PRODUCT LIABILITY UPDATE-Footnote 4

MachineReynolds v. Bordelon, 2014-2371 (La. 6/30/15), 172 So. 3d 607 (2015)

 A product liability claim under the LPLA requires strict compliance with the evidentiary requirements for each theory of liability under the Act. But, a litigant should not overlook the basic evidentiary requirements for admissible summary judgment evidence, as occurred in the Bordelon case.

  • Plaintiff, Reynolds, owned a Nissan sedan with supplemental side airbags. In rear and front-end collisions, the side airbags would not deploy.
  • Plaintiff sued Nissan for injuries he sustained when his side airbags failed to deploy. The manufacturer was granted summary judgment at the trial level based upon evidentiary rulings, and the Louisiana Supreme Court affirmed.
  • Plaintiff presented unverified and unauthenticated post-accident photographs of his vehicle as summary judgment evidence. The Supreme Court agreed that the lack of verification (by affidavit or testimony) rendered the photographs inadmissible.
  • Plaintiff offered an airbag service bulletin printed from the National Highway Traffic Safety Administration, but failed to produce any corroborating testimony or affidavit of the bulletin’s authenticity and failed to avail himself of any self-authenticating public document exception to its inadmissibility.
  • Plaintiff next attempted to admit “other incident” investigation reports prepared by Nissan in an attempt to show its knowledge of an ongoing problem with its airbags, but the reports pertained to “varying makes and models of vehicles in varying years in varying locales” and were thus irrelevant.
  • Plaintiff sought to introduce pre-accident invoices for service performed on his vehicle but the court excluded this evidence because Plaintiff failed to introduce an affidavit of the custodian of the invoices to meet the business records hearsay exception.

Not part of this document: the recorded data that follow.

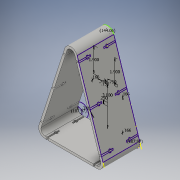
# Autodesk Inventor part: Nathan_LED_Speaker_Sides
Saved by Autodesk Inventor 2016 (Build 200138000, 138)
## iProperties
Created: 2018-09-27
Part Number: Nathan_LED_Speaker_Sides
Material: Generic
Document SubType Name: Modeling
Designer: Student
Density: 1 g/cm^3
Appearance: Default
Author: Student
Autodesk Inventor part; units mm, degrees
ref_plane "XZ Plane" through (0, 0, 0) normal (0, 1, 0) x (-1, 0, 0)
ref_plane "XY Plane" through (0, 0, 0) normal (0, 0, 1) x (1, 0, 0)
sketch "Sketch1" plane through (0, 0, 0) normal (0, 0, 1) x (1, 0, 0)
  arc A0 (0.6195, 16.618) -> (12.7, 0) centre (12.7, 12.7) ccw
  arc A1 (63.5, 182.0332) -> (51.4195, 173.2512) centre (63.5, 169.3332) ccw
  line L0 (0.6195, 16.618) -> (51.4195, 173.2512)
  arc A2 (114.3, 0) -> (126.3805, 16.618) centre (114.3, 12.7) ccw
  arc A3 (75.5805, 173.2512) -> (63.5, 182.0332) centre (63.5, 169.3332) ccw
  line L1 (126.3805, 16.618) -> (75.5805, 173.2512)
  line L2 (12.7, 0) -> (114.3, 0)
  arc A4 (71.2315, 171.8407) -> (55.7685, 171.8407) centre (63.5, 169.3332) ccw
  arc A5 (4.9685, 15.2075) -> (12.7, 4.572) centre (12.7, 12.7) ccw
  arc A6 (114.3, 4.572) -> (122.0315, 15.2075) centre (114.3, 12.7) ccw
  line L3 (4.9685, 15.2075) -> (55.7685, 171.8407)
  line L4 (114.3, 4.572) -> (12.7, 4.572)
  line L5 (122.0315, 15.2075) -> (71.2315, 171.8407)
  point P0 (0, 0)
  point P1 (0, 0)
  dimension "d1" = 12.7
  dimension "d2" = 12.7
  dimension "d3" = 12.7
  dimension "d4" = 101.6
  dimension "d6" = 72.031
  dimension "d10" = 164.6651
  dimension "d11" = 164.6651
  dimension "d23" = 16.256
  dimension "d24" = 4.572
  dimension "d25" = 16.256
  dimension "d26" = 16.256
  constraints: 14 point on circle, 12 end point, 7 centre point, 6 tangent, 2 coincident, 1 horizontal
  measures "d1" radius of A2
  measures "d2" radius of A3
  measures "d3" radius of A1
  measures "d4" distance of L2.start L2.end
  measures "d6" angle of L2 L0
  measures "d10" distance of L1.start L1.end
  measures "d11" distance of L0.start L0.end
  measures "d23" diameter of A4
  measures "d24" distance of L0.start L3.start
  measures "d25" diameter of A5
  measures "d26" diameter of A6
extrude "Extrusion1" add sketch "Sketch1" along normal blind 72.136
sketch "Sketch2" plane through (75.5805, 173.2512, 72.136) normal (0.9512, 0.3085, 0) x (0, 0, -1)
  line L0 (49.276, -155.7751) -> (49.276, -153.2351)
  line L1 (72.136, -153.2351) -> (72.136, -155.7751)
  line L2 (49.276, -8.89) -> (49.276, -11.43)
  line L3 (72.136, -11.43) -> (72.136, -8.89)
  line L4 (72.136, -164.6651) -> (0, -164.6651) projected
  line L5 (72.136, 0) -> (0, 0) projected
  line L6 (72.136, -83.6025) -> (72.136, -81.0625)
  line L7 (49.276, -83.6025) -> (49.276, -81.0625)
  line L8 (36.068, 0) -> (36.068, -164.6651)
  line L9 (72.136, -164.6651) -> (0, -164.6651) projected
  line L10 (54.1593, -82.3325) -> (54.1593, -79.4877)
  line L11 (54.1593, -83.6025) -> (54.1593, -85.1773)
  line L12 (54.1593, -85.1773) -> (56.7082, -85.1773)
  line L13 (56.7082, -79.4877) -> (54.1593, -79.4877)
  line L14 (72.136, -81.0625) -> (56.7082, -81.0625)
  line L15 (54.1593, -81.0625) -> (49.276, -81.0625)
  line L16 (49.276, -83.6025) -> (54.1593, -83.6025)
  line L17 (56.7082, -83.6025) -> (72.136, -83.6025)
  line L18 (56.7082, -85.1773) -> (56.7082, -83.6025)
  line L19 (56.7082, -81.0625) -> (56.7082, -79.4877)
  line L20 (54.1593, -153.2351) -> (54.1593, -151.6603)
  line L21 (54.1593, -157.3499) -> (56.7082, -157.3499)
  line L22 (56.7082, -151.6603) -> (54.1593, -151.6603)
  line L23 (56.7082, -157.3499) -> (56.7082, -155.7751)
  line L24 (56.7082, -153.2351) -> (56.7082, -151.6603)
  line L25 (54.1593, -157.3499) -> (54.1593, -154.5051)
  line L26 (54.1593, -8.89) -> (54.1593, -7.3152)
  line L27 (54.1593, -10.16) -> (54.1593, -13.0048)
  line L28 (54.1593, -13.0048) -> (56.7082, -13.0048)
  line L29 (56.7082, -7.3152) -> (54.1593, -7.3152)
  line L30 (56.7082, -13.0048) -> (56.7082, -11.43)
  line L31 (56.7082, -8.89) -> (56.7082, -7.3152)
  line L32 (22.86, -155.7751) -> (22.86, -153.2351)
  line L33 (0, -153.2351) -> (0, -155.7751)
  line L34 (22.86, -8.89) -> (22.86, -11.43)
  line L35 (0, -11.43) -> (0, -8.89)
  line L36 (0, -83.6025) -> (0, -81.0625)
  line L37 (22.86, -83.6025) -> (22.86, -81.0625)
  line L38 (17.9767, -82.3325) -> (17.9767, -79.4877)
  line L39 (17.9767, -83.6025) -> (17.9767, -85.1773)
  line L40 (17.9767, -85.1773) -> (15.4278, -85.1773)
  line L41 (15.4278, -79.4877) -> (17.9767, -79.4877)
  line L42 (0, -81.0625) -> (15.4278, -81.0625)
  line L43 (17.9767, -81.0625) -> (22.86, -81.0625)
  line L44 (22.86, -83.6025) -> (17.9767, -83.6025)
  line L45 (15.4278, -83.6025) -> (0, -83.6025)
  line L46 (15.4278, -85.1773) -> (15.4278, -83.6025)
  line L47 (15.4278, -81.0625) -> (15.4278, -79.4877)
  line L48 (17.9767, -153.2351) -> (17.9767, -151.6603)
  line L49 (17.9767, -157.3499) -> (15.4278, -157.3499)
  line L50 (15.4278, -151.6603) -> (17.9767, -151.6603)
  line L51 (15.4278, -157.3499) -> (15.4278, -155.7751)
  line L52 (15.4278, -153.2351) -> (15.4278, -151.6603)
  line L53 (17.9767, -157.3499) -> (17.9767, -154.5051)
  line L54 (17.9767, -8.89) -> (17.9767, -7.3152)
  line L55 (17.9767, -10.16) -> (17.9767, -13.0048)
  line L56 (17.9767, -13.0048) -> (15.4278, -13.0048)
  line L57 (15.4278, -7.3152) -> (17.9767, -7.3152)
  line L58 (15.4278, -13.0048) -> (15.4278, -11.43)
  line L59 (15.4278, -8.89) -> (15.4278, -7.3152)
  line L60 (22.86, -11.43) -> (17.9767, -11.43)
  line L61 (15.4278, -11.43) -> (0, -11.43)
  line L62 (0, -8.89) -> (15.4278, -8.89)
  line L63 (17.9767, -8.89) -> (22.86, -8.89)
  line L64 (72.136, -8.89) -> (56.7082, -8.89)
  line L65 (54.1593, -8.89) -> (49.276, -8.89)
  line L66 (49.276, -11.43) -> (54.1593, -11.43)
  line L67 (56.7082, -11.43) -> (72.136, -11.43)
  line L68 (49.276, -153.2351) -> (54.1593, -153.2351)
  line L69 (56.7082, -153.2351) -> (72.136, -153.2351)
  line L70 (72.136, -155.7751) -> (56.7082, -155.7751)
  line L71 (54.1593, -155.7751) -> (49.276, -155.7751)
  line L72 (22.86, -153.2351) -> (17.9767, -153.2351)
  line L73 (15.4278, -153.2351) -> (0, -153.2351)
  line L74 (0, -155.7751) -> (15.4278, -155.7751)
  line L75 (17.9767, -155.7751) -> (22.86, -155.7751)
  point P0 (72.136, -141.4835)
  point P1 (49.276, -82.3325)
  point P2 (22.86, -82.3325)
  dimension "d54" = 22.86
  dimension "d55" = 2.54
  dimension "d56" = 22.86
  dimension "d57" = 2.54
  dimension "d60" = 2.54
  dimension "d61" = 22.86
  dimension "d63" = 2.8448
  dimension "d64" = 2.8448
  dimension "d65" = 2.8448
  dimension "d66" = 2.8448
  dimension "d67" = 2.8448
  dimension "d68" = 2.8448
  dimension "d72" = 8.89
  dimension "d73" = 69.6325
  constraints: 146 end point, 38 symmetric about line, 26 perpendicular, 14 parallel, 6 horizontal, 6 point on line, 4 vertical, 2 midpoint
  measures "d54" distance of L1.end L0.start
  measures "d55" distance of L0.start L0.end
  measures "d56" distance of L3.end L2.start
  measures "d57" distance of L2.start L2.end
  measures "d60" distance of L6.end L6.start
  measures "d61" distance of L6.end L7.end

In opposition of Defendant’s motion for summary judgment, Plaintiff filed an affidavit from his expert in accident reconstruction, Dr. Richard Baratta. The trial court excluded Dr. Baratta’s curriculum vitae as inadmissible because it was unsworn and uncertified, as was the data reviewed by Dr. Baratta in forming his opinion.

Plaintiff failed to show a disputed issue of fact for trial that there was a defect in construction or composition in his car. The vehicle’s manual stated plainly that the airbags “may not inflate” in some front-end collisions, and were designed to inflate in “higher severity side collisions.” The court held that Plaintiff could not show that his collision was of a type for which the airbags should have deployed.

Dr. Baratta was no help to Plaintiff’s case because: (1) his CV was inadmissible and thus he was not established as an expert, and (2) his conclusory opinions were unsupported “by any factual evidence and contained no explanation as to how he reached his conclusion.”

Plaintiff similarly failed to show a design defect because Plaintiff’s expert “proposed no other design for the product, and, indeed, admitted that he did not develop an alternative design.”

On Plaintiff’s warning claim, Plaintiff’s expert did not specify what warning was inadequate, did not offer a proposed adequate warning, and did not provide any evidence to support this claim. The court further noted that the car’s operator manual states the side airbags ordinarily do not inflate in front or rear-end collisions, which were the impacts suffered by Plaintiff’s vehicle, and thus the warning was adequate.

Plaintiff’s express warranty claim under the LPLA failed because he did not point to a specific warranty that induced him to buy the car, did not prove that such warranty was untrue, and did not show that the failure to conform to a warranty caused his injuries. Plaintiff’s claim that “he, as a consumer, bought the vehicle because [the manufacturer] warranted that ‘[the vehicle] will perform like it is supposed to’” was deemed a “general warranty” that could not be accepted for the purposes of an express warranty claim.

Underlying and undermining each of Plaintiff’s claims was a fatal flaw, raised by the court, that Plaintiff failed to present evidence that the vehicle’s airbag system “was in substantially the same condition as it was when it left its manufacturer’s control and that there were no alterations or modifications to the vehicle’s air bag system.” Plaintiff did not even present evidence that the alleged defect was not caused by the accident itself.

In dissent, Justice Hughes noted that summary judgment was not proper because the CV was excluded as unsworn and unverified. Rhetorically, Judge Hughes asked “[m]ust an affidavit be obtained from each school and each publisher?” Judge Hughes further noted that “assessing the credibility of experts is the province of the fact finder, and there may be no “greater gift to a defense attorney than a Plaintiff’s expert with an inaccurate C.V.”